Solar radiation-induced synthesis of bacterial cellulose/silver nanoparticles (BC/AgNPs) composite using BC as reducing and capping agent.

In the present work, a simple, novel, and ecofriendly method for synthesis of silver nanoparticles (AgNPs) and BC/AgNP composite using bacterial cellulose (BC) nanofibers soaked in AgNO3 solution under induction action of solar radiation. The photochemical reduction of silver Ag + ions into silver nanoparticles (Ago) was confirmed using UV visible spectra; the surface plasmon resonance of synthesized AgNPs was localized around 425 nm. The mean diameter of AgNPs obtained by DLS analysis was 52.0 nm with a zeta potential value of - 9.98 mV. TEM images showed a spherical shape of AgNPs.

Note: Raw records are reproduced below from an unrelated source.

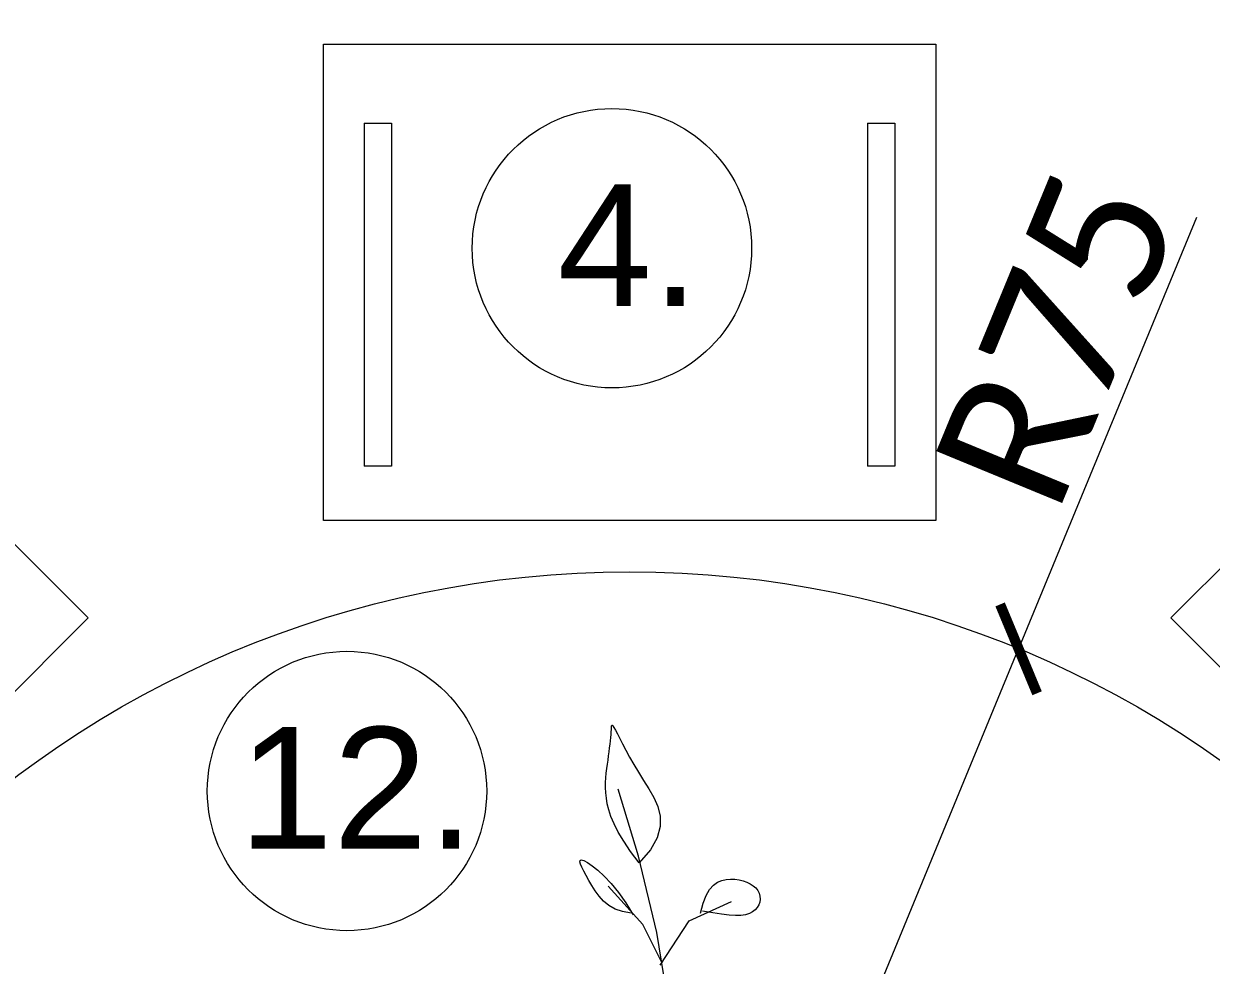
# Model space of a CAD drawing. Header units: centimetres. Extents: x -26724 to 60145, y -23645 to 6771.
# Drawn here: x -18961.6 to -18874.3, y -1497.9 to -1428.8 of the extents above; entities that cross this region are included whole.
import ezdxf

# ---------------------------------------------------------------- set-up
doc = ezdxf.new("R2010")
doc.units = ezdxf.units.CM
doc.linetypes.add('AUSGEZOGEN', pattern=[0])
doc.linetypes.add('PUNKT2_S9', pattern=[0.35, 0.15, -0.1, 0, -0.1])
for name, color, linetype, lineweight in [('4.KOTE', 88, 'Continuous', 15), ('Moebel', 252, 'PUNKT2_S9', 13), ('namestaj', 8, 'Continuous', 9), ('namjestaj', 150, 'Continuous', 5)]:
    doc.layers.add(name, color=color, linetype=linetype, lineweight=lineweight)
doc.layers.add('pozicije', color=7, linetype='Continuous')
doc.styles.add('0.15', font='arial.ttf', dxfattribs={"height": 0.15})
doc.styles.get("Standard").update_dxf_attribs({"font": 'calibri.ttf'})
doc.dimstyles.new('ja 1 50', dxfattribs={"dimtxt": 10, "dimasz": 5, "dimexe": 5, "dimexo": 5, "dimgap": 1, "dimtad": 1, "dimdec": 0, "dimtxsty": 'Standard', "dimblk": 'ARCHTICK', "dimcen": 2.5, "dimclrd": 256, "dimclrt": 7, "dimadec": 0, "dimazin": 0, "dimtfac": 1, "dimtdec": 0, "dimtix": 1, "dimtmove": 1, "dimatfit": 3, "dimldrblk": 'ARCHTICK', "dimfxl": 10, "dimfxlon": 1, "dimlwd": 0, "dimlwe": 9, "dimarcsym": 0})

# ---------------------------------------------------------------- blocks, each defined once
blk = doc.blocks.new('ggggt')
at = {"layer": 'Moebel', "color": 91, "linetype": 'AUSGEZOGEN', "lineweight": 18, "transparency": 33554687}
for p, q in [((1566.542, 2053.365, 13.5), (1566.549, 2053.537, 13.5)), ((1566.549, 2053.537, 13.5), (1566.554, 2053.678, 13.5)), ((1566.554, 2053.678, 13.5), (1566.563, 2053.781, 13.5)), ((1566.563, 2053.781, 13.5), (1566.581, 2053.839, 13.5)), ((1566.581, 2053.839, 13.5), (1566.613, 2053.845, 13.5)), ((1566.613, 2053.845, 13.5), (1566.665, 2053.793, 13.5)), ((1566.665, 2053.793, 13.5), (1566.742, 2053.674, 13.5)), ((1566.742, 2053.674, 13.5), (1566.849, 2053.483, 13.5)), ((1566.849, 2053.483, 13.5), (1566.99, 2053.215, 13.5)), ((1566.459, 2052.451, 13.5), (1566.488, 2052.708, 13.5)), ((1566.488, 2052.708, 13.5), (1566.511, 2052.948, 13.5)), ((1566.511, 2052.948, 13.5), (1566.53, 2053.167, 13.5)), ((1566.53, 2053.167, 13.5), (1566.542, 2053.365, 13.5)), ((1566.99, 2053.215, 13.5), (1567.166, 2052.875, 13.5)), ((1567.166, 2052.875, 13.5), (1567.375, 2052.472, 13.5)), ((1566.348, 2051.595, 13.5), (1566.388, 2051.892, 13.5)), ((1566.388, 2051.892, 13.5), (1566.425, 2052.178, 13.5)), ((1566.425, 2052.178, 13.5), (1566.459, 2052.451, 13.5)), ((1567.375, 2052.472, 13.5), (1567.618, 2052.014, 13.5)), ((1567.618, 2052.014, 13.5), (1567.894, 2051.509, 13.5)), ((1566.216, 2050.655, 13.5), (1566.259, 2050.977, 13.5)), ((1566.259, 2050.977, 13.5), (1566.304, 2051.29, 13.5)), ((1566.304, 2051.29, 13.5), (1566.348, 2051.595, 13.5)), ((1567.894, 2051.509, 13.5), (1568.201, 2050.966, 13.5)), ((1568.201, 2050.966, 13.5), (1568.54, 2050.391, 13.5)), ((1566.129, 2049.63, 13.5), (1566.147, 2049.984, 13.5)), ((1566.147, 2049.984, 13.5), (1566.177, 2050.325, 13.5)), ((1566.177, 2050.325, 13.5), (1566.216, 2050.655, 13.5)), ((1568.54, 2050.391, 13.5), (1568.909, 2049.795, 13.5)), ((1566.127, 2049.263, 13.5), (1566.129, 2049.63, 13.5)), ((1566.144, 2048.882, 13.5), (1566.127, 2049.263, 13.5)), ((1568.537, 2044.235, 13.5), (1567.049, 2049.151, 13.5)), ((1568.909, 2049.795, 13.5), (1569.299, 2049.181, 13.5)), ((1569.299, 2049.181, 13.5), (1569.669, 2048.543, 13.5)), ((1566.184, 2048.484, 13.5), (1566.144, 2048.882, 13.5)), ((1566.252, 2048.066, 13.5), (1566.184, 2048.484, 13.5)), ((1569.669, 2048.543, 13.5), (1569.966, 2047.873, 13.5)), ((1566.36, 2047.62, 13.5), (1566.252, 2048.066, 13.5)), ((1566.521, 2047.134, 13.5), (1566.36, 2047.62, 13.5)), ((1569.966, 2047.873, 13.5), (1570.14, 2047.162, 13.5)), ((1566.748, 2046.598, 13.5), (1566.521, 2047.134, 13.5)), ((1567.055, 2045.999, 13.5), (1566.748, 2046.598, 13.5)), ((1570.14, 2047.162, 13.5), (1570.14, 2046.4, 13.5)), ((1567.455, 2045.328, 13.5), (1567.055, 2045.999, 13.5)), ((1569.915, 2045.579, 13.5), (1569.414, 2044.69, 13.5)), ((1570.14, 2046.4, 13.5), (1569.915, 2045.579, 13.5)), ((1567.96, 2044.573, 13.5), (1567.455, 2045.328, 13.5)), ((1564.227, 2043.807, 13.5), (1564.245, 2043.913, 13.5)), ((1564.245, 2043.913, 13.5), (1564.339, 2043.945, 13.5)), ((1564.339, 2043.945, 13.5), (1564.518, 2043.896, 13.5)), ((1564.518, 2043.896, 13.5), (1564.789, 2043.758, 13.5)), ((1568.585, 2043.723, 13.5), (1567.96, 2044.573, 13.5)), ((1569.881, 2038.609, 13.5), (1568.537, 2044.235, 13.5)), ((1569.414, 2044.69, 13.5), (1568.585, 2043.723, 13.5)), ((1564.275, 2043.635, 13.5), (1564.227, 2043.807, 13.5)), ((1564.376, 2043.405, 13.5), (1564.275, 2043.635, 13.5)), ((1564.522, 2043.125, 13.5), (1564.376, 2043.405, 13.5)), ((1564.702, 2042.803, 13.5), (1564.522, 2043.125, 13.5)), ((1564.789, 2043.758, 13.5), (1565.142, 2043.526, 13.5)), ((1565.142, 2043.526, 13.5), (1565.561, 2043.195, 13.5)), ((1565.561, 2043.195, 13.5), (1566.033, 2042.761, 13.5)), ((1568.585, 2043.723, 13.5), (1568.585, 2043.723, 13.5)), ((1564.906, 2042.446, 13.5), (1564.702, 2042.803, 13.5)), ((1565.126, 2042.064, 13.5), (1564.906, 2042.446, 13.5)), ((1566.033, 2042.761, 13.5), (1566.544, 2042.219, 13.5)), ((1566.544, 2042.219, 13.5), (1567.077, 2041.565, 13.5)), ((1574.05, 2042.084, 13.5), (1574.352, 2042.304, 13.5)), ((1574.352, 2042.304, 13.5), (1574.668, 2042.442, 13.5)), ((1574.668, 2042.442, 13.5), (1574.992, 2042.514, 13.5)), ((1574.992, 2042.514, 13.5), (1575.316, 2042.538, 13.5)), ((1575.316, 2042.538, 13.5), (1575.635, 2042.527, 13.5)), ((1575.635, 2042.527, 13.5), (1575.944, 2042.485, 13.5)), ((1575.944, 2042.485, 13.5), (1576.238, 2042.416, 13.5)), ((1576.238, 2042.416, 13.5), (1576.511, 2042.319, 13.5)), ((1576.511, 2042.319, 13.5), (1576.76, 2042.198, 13.5)), ((1576.76, 2042.198, 13.5), (1576.978, 2042.053, 13.5)), ((1565.371, 2041.673, 13.5), (1565.126, 2042.064, 13.5)), ((1565.653, 2041.288, 13.5), (1565.371, 2041.673, 13.5)), ((1565.983, 2040.926, 13.5), (1565.653, 2041.288, 13.5)), ((1568.864, 2039.196, 13.5), (1566.32, 2042.023, 13.5)), ((1567.077, 2041.565, 13.5), (1567.62, 2040.795, 13.5)), ((1573.291, 2040.764, 13.5), (1573.513, 2041.331, 13.5)), ((1573.513, 2041.331, 13.5), (1573.768, 2041.765, 13.5)), ((1573.768, 2041.765, 13.5), (1574.05, 2042.084, 13.5)), ((1576.978, 2042.053, 13.5), (1577.163, 2041.888, 13.5)), ((1577.163, 2041.888, 13.5), (1577.308, 2041.702, 13.5)), ((1577.308, 2041.702, 13.5), (1577.409, 2041.5, 13.5)), ((1577.409, 2041.5, 13.5), (1577.467, 2041.286, 13.5)), ((1577.467, 2041.286, 13.5), (1577.482, 2041.068, 13.5)), ((1566.373, 2040.604, 13.5), (1565.983, 2040.926, 13.5)), ((1566.834, 2040.339, 13.5), (1566.373, 2040.604, 13.5)), ((1567.62, 2040.795, 13.5), (1568.157, 2039.902, 13.5)), ((1572.26, 2039.482, 13.5), (1575.374, 2040.899, 13.5)), ((1573.109, 2040.048, 13.5), (1573.291, 2040.764, 13.5)), ((1577.274, 2040.446, 13.5), (1577.121, 2040.27, 13.5)), ((1577.385, 2040.641, 13.5), (1577.274, 2040.446, 13.5)), ((1577.454, 2040.851, 13.5), (1577.385, 2040.641, 13.5)), ((1577.482, 2041.068, 13.5), (1577.454, 2040.851, 13.5)), ((1567.378, 2040.147, 13.5), (1566.834, 2040.339, 13.5)), ((1568.016, 2040.044, 13.5), (1567.378, 2040.147, 13.5)), ((1570.135, 2036.226, 13.5), (1572.26, 2039.482, 13.5)), ((1573.995, 2040.051, 13.5), (1573.251, 2040.19, 13.5)), ((1574.641, 2039.951, 13.5), (1573.995, 2040.051, 13.5)), ((1575.198, 2039.889, 13.5), (1574.641, 2039.951, 13.5)), ((1575.673, 2039.865, 13.5), (1575.198, 2039.889, 13.5)), ((1576.076, 2039.876, 13.5), (1575.673, 2039.865, 13.5)), ((1576.414, 2039.924, 13.5), (1576.076, 2039.876, 13.5)), ((1576.696, 2040.006, 13.5), (1576.414, 2039.924, 13.5)), ((1576.929, 2040.122, 13.5), (1576.696, 2040.006, 13.5)), ((1577.121, 2040.27, 13.5), (1576.929, 2040.122, 13.5)), ((1570.277, 2036.367, 13.5), (1568.864, 2039.196, 13.5)), ((1570.942, 2032.319, 13.5), (1569.881, 2038.609, 13.5))]:
    blk.add_line(p, q, dxfattribs=at)
blk = doc.blocks.new('_ArchTick')
at = {"color": 0, "linetype": 'ByBlock', "const_width": 0.15}
blk.add_lwpolyline([(-0.5, -0.5), (0.5, 0.5)], dxfattribs=at)
blk = doc.blocks.new('*D2425')
at = {"layer": '4.KOTE', "lineweight": 0, "transparency": 16777216}
for p in [(-18875.388, -1443.002), (-18917.051, -1544.025)]:
    blk.add_line(p, (-18888.457, -1474.69), dxfattribs=at)
at = {"layer": 'Defpoints', "color": 0, "transparency": 16777216}
for p in [(-18888.457, -1474.69, 13.5), (-18917.051, -1544.025, 13.5)]:
    blk.add_point(p, dxfattribs=at)
at = {"layer": '4.KOTE', "lineweight": 0, "transparency": 16777216, "xscale": 5, "yscale": 5, "zscale": 5, "rotation": 247.5883364246647}
blk.add_blockref('_ArchTick', (-18888.457, -1474.69), dxfattribs=at)
at = {"layer": '4.KOTE', "color": 7, "transparency": 16777216, "insert": (-18885.631, -1451.909), "char_height": 10, "attachment_point": 5, "rotation": 67.58834}
blk.add_mtext('R75', dxfattribs=at)
blk = doc.blocks.new('*D2629')
at = {"layer": '4.KOTE', "color": 0, "lineweight": 9, "transparency": 16777216}
for p, q in [((-18992.019, -1416.457), (-18992.019, -1401.522)), ((-18842.078, -1416.453), (-18842.078, -1401.522))]:
    blk.add_line(p, q, dxfattribs=at)
at = {"layer": '4.KOTE', "lineweight": 0, "transparency": 16777216}
blk.add_line((-18992.019, -1406.522), (-18842.078, -1406.522), dxfattribs=at)
at = {"layer": 'Defpoints', "color": 0, "transparency": 16777216}
for p in [(-18842.078, -1406.522), (-18842.078, -1542.001, 13.5), (-18992.019, -1546.203, 13.5)]:
    blk.add_point(p, dxfattribs=at)
at = {"layer": '4.KOTE', "lineweight": 0, "transparency": 16777216, "xscale": 5, "yscale": 5, "zscale": 5, "rotation": 180}
blk.add_blockref('_ArchTick', (-18992.019, -1406.522), dxfattribs=at)
at = {"layer": '4.KOTE', "lineweight": 0, "transparency": 16777216, "xscale": 5, "yscale": 5, "zscale": 5}
blk.add_blockref('_ArchTick', (-18842.078, -1406.522), dxfattribs=at)
at = {"layer": '4.KOTE', "color": 7, "transparency": 16777216, "insert": (-18917.049, -1400.399), "char_height": 10, "attachment_point": 5}
blk.add_mtext('150', dxfattribs=at)
blk = doc.blocks.new('*D2631')
at = {"layer": '4.KOTE', "color": 0, "lineweight": 9, "transparency": 16777216}
for p, q in [((-19056.835, -1469.044), (-19071.78, -1469.044)), ((-19056.838, -1619.007), (-19071.78, -1619.007))]:
    blk.add_line(p, q, dxfattribs=at)
at = {"layer": '4.KOTE', "lineweight": 0, "transparency": 16777216}
blk.add_line((-19066.78, -1469.044), (-19066.78, -1619.007), dxfattribs=at)
at = {"layer": 'Defpoints', "color": 0, "transparency": 16777216}
for p in [(-18915.384, -1469.044, 13.5), (-19066.78, -1619.007), (-18918.718, -1619.007, 13.5)]:
    blk.add_point(p, dxfattribs=at)
at = {"layer": '4.KOTE', "lineweight": 0, "transparency": 16777216, "xscale": 5, "yscale": 5, "zscale": 5}
for p, rotation in [((-19066.78, -1469.044), 90), ((-19066.78, -1619.007), 270)]:
    blk.add_blockref('_ArchTick', p, dxfattribs=dict(at, rotation=rotation))
at = {"layer": '4.KOTE', "color": 7, "transparency": 16777216, "insert": (-19072.903, -1544.025), "char_height": 10, "attachment_point": 5, "rotation": 90}
blk.add_mtext('150', dxfattribs=at)

msp = doc.modelspace()

# ---------------------------------------------------------------- linework, layer by layer
at = {"layer": 'namestaj'}
for centre in [(-18918.343, -1445.251, -40.5), (-18937.814, -1485.136, 13.5)]:
    msp.add_circle(centre, 10.265, dxfattribs=at)
at = {"layer": 'namjestaj', "transparency": 33554687}
for p, q in [((-18939.551, -1465.259, 13.5), (-18939.551, -1430.259, 13.5)), ((-18939.551, -1430.259, 13.5), (-18894.551, -1430.259, 13.5)), ((-18894.551, -1430.259, 13.5), (-18894.551, -1465.259, 13.5)), ((-18936.551, -1436.071, 13.5), (-18934.551, -1436.071, 13.5)), ((-18936.551, -1436.071, 13.5), (-18936.551, -1461.259, 13.5)), ((-18934.551, -1436.071, 13.5), (-18934.551, -1461.259, 13.5)), ((-18899.551, -1436.071, 13.5), (-18897.551, -1436.071, 13.5)), ((-18899.551, -1436.071, 13.5), (-18899.551, -1461.259, 13.5)), ((-18897.551, -1436.071, 13.5), (-18897.551, -1461.259, 13.5)), ((-18981.586, -1447.671, 13.5), (-18956.837, -1472.419, 13.5)), ((-18877.265, -1472.419, 13.5), (-18852.516, -1447.671, 13.5)), ((-18934.551, -1461.259, 13.5), (-18936.551, -1461.259, 13.5)), ((-18897.551, -1461.259, 13.5), (-18899.551, -1461.259, 13.5)), ((-18894.551, -1465.259, 13.5), (-18939.551, -1465.259, 13.5)), ((-18956.837, -1472.419, 13.5), (-18988.657, -1504.239, 13.5)), ((-18845.445, -1504.239, 13.5), (-18877.265, -1472.419, 13.5))]:
    msp.add_line(p, q, dxfattribs=at)
msp.add_circle((-18917.051, -1544.025, 13.5), 75, dxfattribs=at)

# ---------------------------------------------------------------- block references
msp.add_blockref('ggggt', (-20484.935, -3534.148))

# ---------------------------------------------------------------- texts
at = {"layer": 'pozicije', "style": '0.15'}
for s, p in [('4.', (-18922.338, -1449.487, -40.5)), ('12.', (-18945.776, -1489.371, 13.5))]:
    msp.add_text(s, height=8.9302, dxfattribs=at).set_placement(p)

# ---------------------------------------------------------------- dimensions: what is measured, and where the dimension line sits
at = {"layer": '4.KOTE'}
dim = msp.add_linear_dim(base=(-18842.078, -1406.522), p1=(-18992.019, -1546.203, 13.5), p2=(-18842.078, -1542.001, 13.5), dimstyle='ja 1 50', dxfattribs=at)
dim.commit()
dim.dimension.update_dxf_attribs({"geometry": '*D2629', "text_midpoint": (-18917.049, -1400.399)})
dim = msp.add_radius_dim(center=(-18917.051, -1544.025, 13.5), mpoint=(-18888.457, -1474.69, 13.5), dimstyle='ja 1 50', dxfattribs=at)
dim.commit()
dim.dimension.update_dxf_attribs({"geometry": '*D2425', "text_midpoint": (-18885.631, -1451.909)})
dim = msp.add_linear_dim(base=(-19066.78, -1619.007), p1=(-18915.384, -1469.044, 13.5), p2=(-18918.718, -1619.007, 13.5), angle=90, dimstyle='ja 1 50', dxfattribs=at)
dim.commit()
dim.dimension.update_dxf_attribs({"geometry": '*D2631', "text_midpoint": (-19072.903, -1544.025)})

doc.saveas('drawing.dxf')

The formation of BC/AgNP composite was confirmed by FESEM, EDX, FTIR, and XRD analysis. FESEM images for BC showed the 3D structures of BC nanofibers and the deposited AgNPs in the BC crystalline nanofibers. XRD measurements revealed the high crystallinity of BC and BC/AgNP composite with crystal sizes of 5.13 and 5.6 nm, respectively. BC/AgNP composite and AgNPs exhibited strong antibacterial activity against both Gram-positive and Gram-negative bacteria. The present work introduces a facile green approach for BC/AgNP composite synthesis and its utility as potential food packaging and wound dressings, as well as sunlight indicator application.